Everyone loves to be a part of a quality product. Everyone likes to have visibility into their own future. Everyone likes to be praised and respected for doing what they love.
By taking credit for the success of projects that use it, Agile Scrum glosses over these fundamental principles and tries to turn the team into a bunch of part-time project managers. Anything that deviates from the plan is derided as “cowboy coding” or “waterfall process.” Granted, these two paradigms do tend to standardize bad practices, and they do little to encourage communication, but they also admit important aspects of the software development world:
- Actual coding, typing characters into an editor, is best done alone without distractions.
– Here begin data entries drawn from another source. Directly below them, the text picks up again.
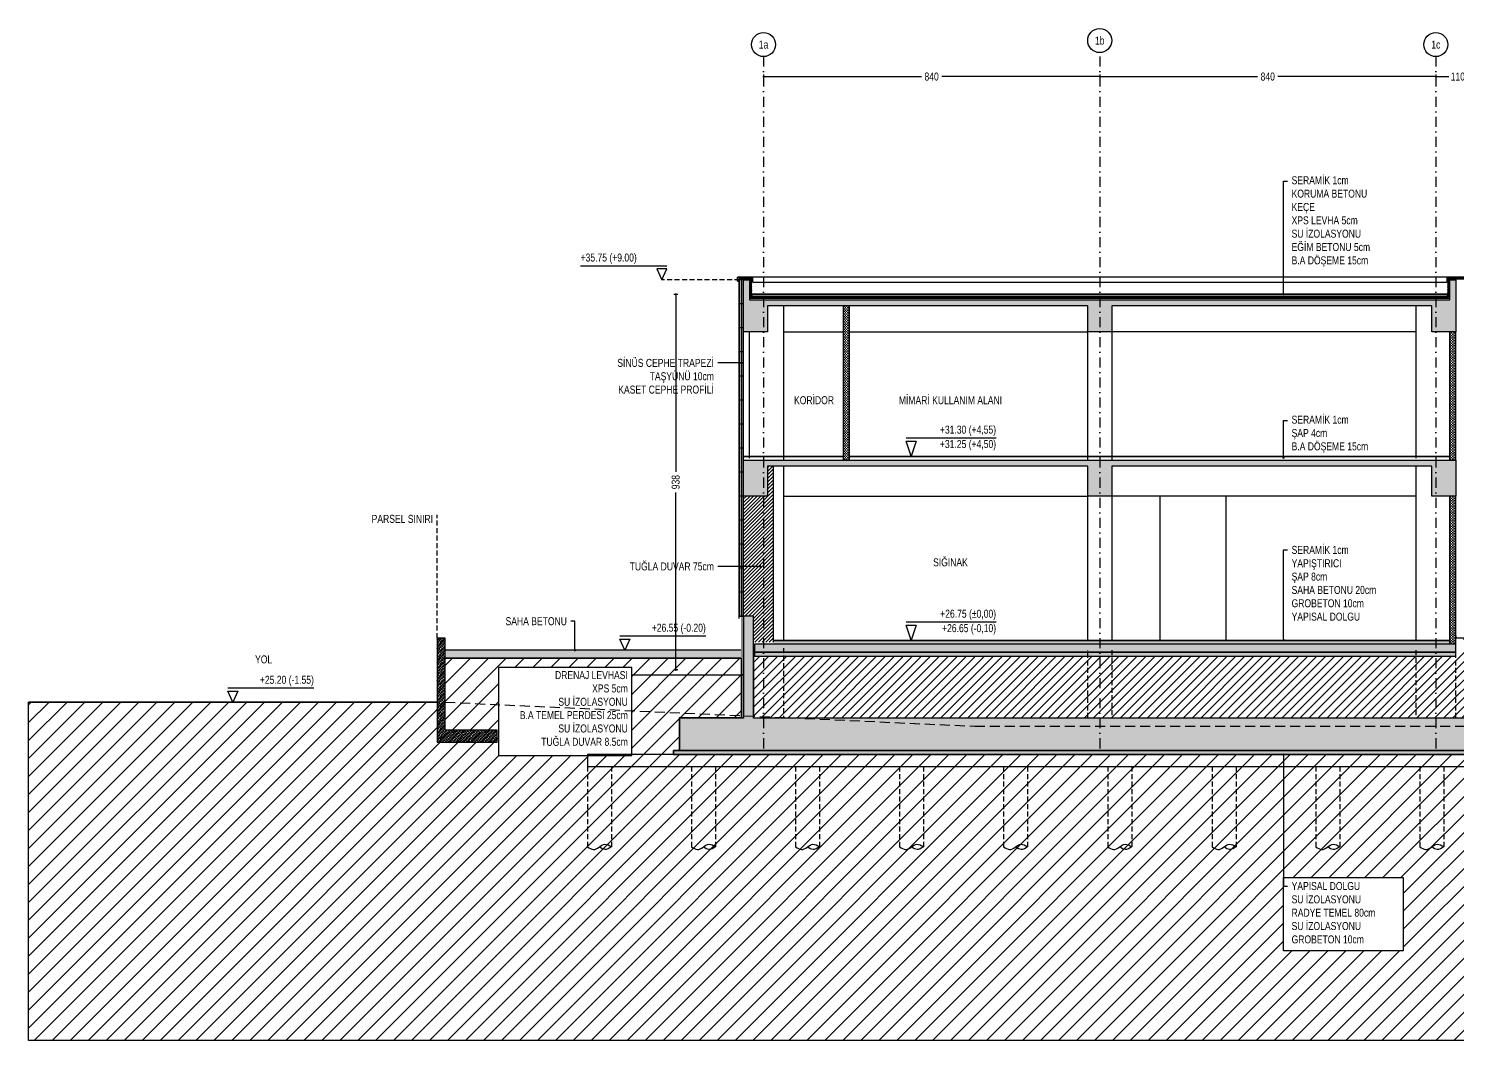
# Model space of a CAD drawing. Header units: centimetres. Extents: x 77182 to 116086, y 20619 to 33555.
# Drawn here: x 90438 to 94009, y 20940 to 23468 of the extents above; entities that cross this region are included whole.
import ezdxf
from ezdxf import colors
from ezdxf.entities.mleader import LeaderData, LeaderLine
from ezdxf.enums import TextEntityAlignment as Align
from ezdxf.math import Vec2, Vec3

# ---------------------------------------------------------------- set-up
doc = ezdxf.new("R2010")
doc.units = ezdxf.units.CM
doc.header["$LTSCALE"] = 100
doc.linetypes.add('DASHDOT2', pattern=[0.5, 0.25, -0.125, 0, -0.125])
doc.linetypes.add('HIDDEN2', pattern=[0.1875, 0.125, -0.0625])
for name, color, linetype in [('A-ANNO-DIMS', 187, 'Continuous'), ('A-ANNO-GRID', 155, 'DASHDOT2'), ('A-ANNO-TEXT', 50, 'Continuous'), ('A-ELEV-01', 255, 'Continuous'), ('A-ELEV-03', 251, 'Continuous'), ('A-ELEV-04', 250, 'Continuous'), ('A-FNSH-TILE', 63, 'Continuous'), ('A-HATCH', 253, 'Continuous'), ('A-WALL', 134, 'Continuous'), ('A-WALL-BRCK', 11, 'Continuous'), ('A-WALL-HTCH', 8, 'Continuous'), ('A-WALL-INSL', 249, 'Continuous'), ('A-WALL-PLST', 129, 'Continuous'), ('A-WALL-SNWPNL', 200, 'Continuous'), ('A-WALL-STEL', 202, 'Continuous'), ('L-TOPO', 49, 'Continuous'), ('S-CONC', 5, 'Continuous'), ('S-HTCH', 8, 'Continuous')]:
    doc.layers.add(name, color=color, linetype=linetype)
doc.styles.add('Fields_100', font='act_simplex.shx', dxfattribs={"width": 0.8, "height": 20})
doc.linetypes.add('BATTING', pattern='A,0.00254,-2.54,[134,ltypeshp.shx,S=2.54,R=0,X=-2.54,Y=0],-5.08,[134,ltypeshp.shx,S=2.54,R=180,X=2.54,Y=0],-2.54', length=10.16254)
doc.dimstyles.new('FIELDS_100', dxfattribs={"dimscale": 0, "dimtxt": 20, "dimasz": 5, "dimexe": 5, "dimexo": 5, "dimgap": 5, "dimtad": 0, "dimdec": 0, "dimzin": 0, "dimdsep": 46, "dimtxsty": 'Fields_100', "dimblk": 'DOT', "dimcen": 0.09, "dimclrt": 50, "dimadec": 0, "dimazin": 0, "dimtfac": 1, "dimtdec": 0, "dimtix": 1, "dimtofl": 0, "dimtmove": 1, "dimatfit": 3, "dimfxl": 5, "dimfxlon": 1, "dimtolj": 1, "dimtzin": 0, "dimarcsym": 0})
pattern_1 = [(45, (84445.261, 23206.629), (-4.490128, 4.490128), [])]
pattern_2 = [(0, (84445.2612, 23156.6288), (1.905, 1.09985226), [1.27, -2.54]), (120, (84445.2612, 23156.6288), (-1.905, 1.09985227), [1.27, -2.54]), (60, (84445.2612, 23156.6288), (4e-09, 2.19970452), [-2.54, 1.27])]
pattern_3 = [(45, (84445.261, 23427.608), (-4.490128, 4.490128), []), (45, (84449.7513, 23427.608), (-4.490128, 4.490128), [3.175, -1.5875])]
pattern_4 = [(50, (84445.261, 23206.629), (18.218467, -1.593909), [1.905, -20.955]), (355, (84445.261, 23206.629), (-3.524342, 19.105685), [1.524, -16.76406]), (100.45144, (84446.78, 23206.496), (14.694125, 17.511775), [1.619, -17.809024]), (46.1842, (84445.261, 23211.709), (27.107904, -4.204233), [2.8575, -31.4325]), (96.63556, (84447.52, 23211.358), (23.74041, 24.74261), [2.4285, -26.71356]), (351.18415, (84445.26, 23211.71), (23.74041, 24.74261), [2.286, -25.14597]), (21, (84447.801, 23210.439), (15.16144, -10.22652), [1.905, -20.955]), (326, (84447.801, 23210.439), (6.180203, 18.418797), [1.524, -16.764]), (71.45144, (84449.065, 23209.587), (21.341642, 8.192277), [1.619, -17.808994]), (37.5, (84445.261, 23206.629), (0.3088603, 8.455504), [0, -16.5608, 0, -17.018, 0, -16.8275]), (7.5, (84445.261, 23206.629), (6.681966, 10.0180575), [0, -9.7028, 0, -16.1798, 0, -6.4135]), (327.5, (84439.597, 23206.629), (13.5590595, -0.5728744), [0, -6.35, 0, -19.812, 0, -26.289]), (317.5, (84437.057, 23206.629), (14.812918, 2.542649), [0, -8.255, 0, -13.1572, 0, -18.669])]

# ---------------------------------------------------------------- blocks, each defined once
blk = doc.blocks.new('_Dot')
at = {"color": 0, "linetype": 'ByBlock', "lineweight": -2}
blk.add_line((-0.5, 0), (-1, 0), dxfattribs=at)
at = {"color": 0, "linetype": 'ByBlock', "const_width": 0.5}
blk.add_lwpolyline([(-0.25, 0, 1), (0.25, 0, 1)], format="xyb", close=True, dxfattribs=at)
blk = doc.blocks.new('*D23')
at = {"layer": 'A-ANNO-DIMS', "color": 0, "lineweight": -2, "transparency": 16777216}
for p, q in [((92274.7, 23353.5), (92274.7, 23343.5)), ((93114.7, 23353.5), (93114.7, 23343.5)), ((92279.7, 23348.5), (92669.1, 23348.5)), ((93109.7, 23348.5), (92720.3, 23348.5))]:
    blk.add_line(p, q, dxfattribs=at)
at = {"layer": 'DEFPOINTS', "color": 0, "transparency": 16777216}
for p in [(92274.7, 23398.5), (93114.7, 23398.5), (93114.7, 23348.5)]:
    blk.add_point(p, dxfattribs=at)
at = {"layer": 'A-ANNO-DIMS', "color": 0, "lineweight": -2, "transparency": 16777216, "xscale": 5, "yscale": 5, "zscale": 5, "rotation": 180}
blk.add_blockref('_Dot', (92274.7, 23348.5), dxfattribs=at)
at = {"layer": 'A-ANNO-DIMS', "color": 0, "lineweight": -2, "transparency": 16777216, "xscale": 5, "yscale": 5, "zscale": 5}
blk.add_blockref('_Dot', (93114.7, 23348.5), dxfattribs=at)
at = {"layer": 'A-ANNO-DIMS', "color": 50, "transparency": 16777216, "insert": (92694.7, 23348.5), "char_height": 20, "attachment_point": 5, "style": 'Fields_100'}
blk.add_mtext('\\A1;840', dxfattribs=at)
blk = doc.blocks.new('*D24')
at = {"layer": 'A-ANNO-DIMS', "color": 0, "lineweight": -2, "transparency": 16777216}
for p, q in [((93114.7, 23353.5), (93114.7, 23343.5)), ((93954.7, 23353.5), (93954.7, 23343.5)), ((93119.7, 23348.5), (93509.1, 23348.5)), ((93949.7, 23348.5), (93560.3, 23348.5))]:
    blk.add_line(p, q, dxfattribs=at)
at = {"layer": 'DEFPOINTS', "color": 0, "transparency": 16777216}
for p in [(93114.7, 23398.5), (93954.7, 23373.5), (93954.7, 23348.5)]:
    blk.add_point(p, dxfattribs=at)
at = {"layer": 'A-ANNO-DIMS', "color": 0, "lineweight": -2, "transparency": 16777216, "xscale": 5, "yscale": 5, "zscale": 5, "rotation": 180}
blk.add_blockref('_Dot', (93114.7, 23348.5), dxfattribs=at)
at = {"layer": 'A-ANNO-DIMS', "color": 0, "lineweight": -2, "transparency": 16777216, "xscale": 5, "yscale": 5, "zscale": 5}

You think with your own brain only. All coding is, at some level, “cowboy coding.”
- If piece A depends on piece B, then it makes no sense to start working on A until B is done. It makes even less sense to QA a half-working early pre-alpha dev version of the product, or worse yet, file bugs against it. Of course it’s broken. Don’t distract your developers telling them what they already know.
Chances are wildly against getting any software product out on time or under budget. My heart goes out to project managers and executives who are tasked with controlling the chaos. I understand why many of them might grasp at ideologies that promise to solve the problems, but Scrum rarely helps the odds.
If you’re doing software development right, you’re probably doing Agile wrong.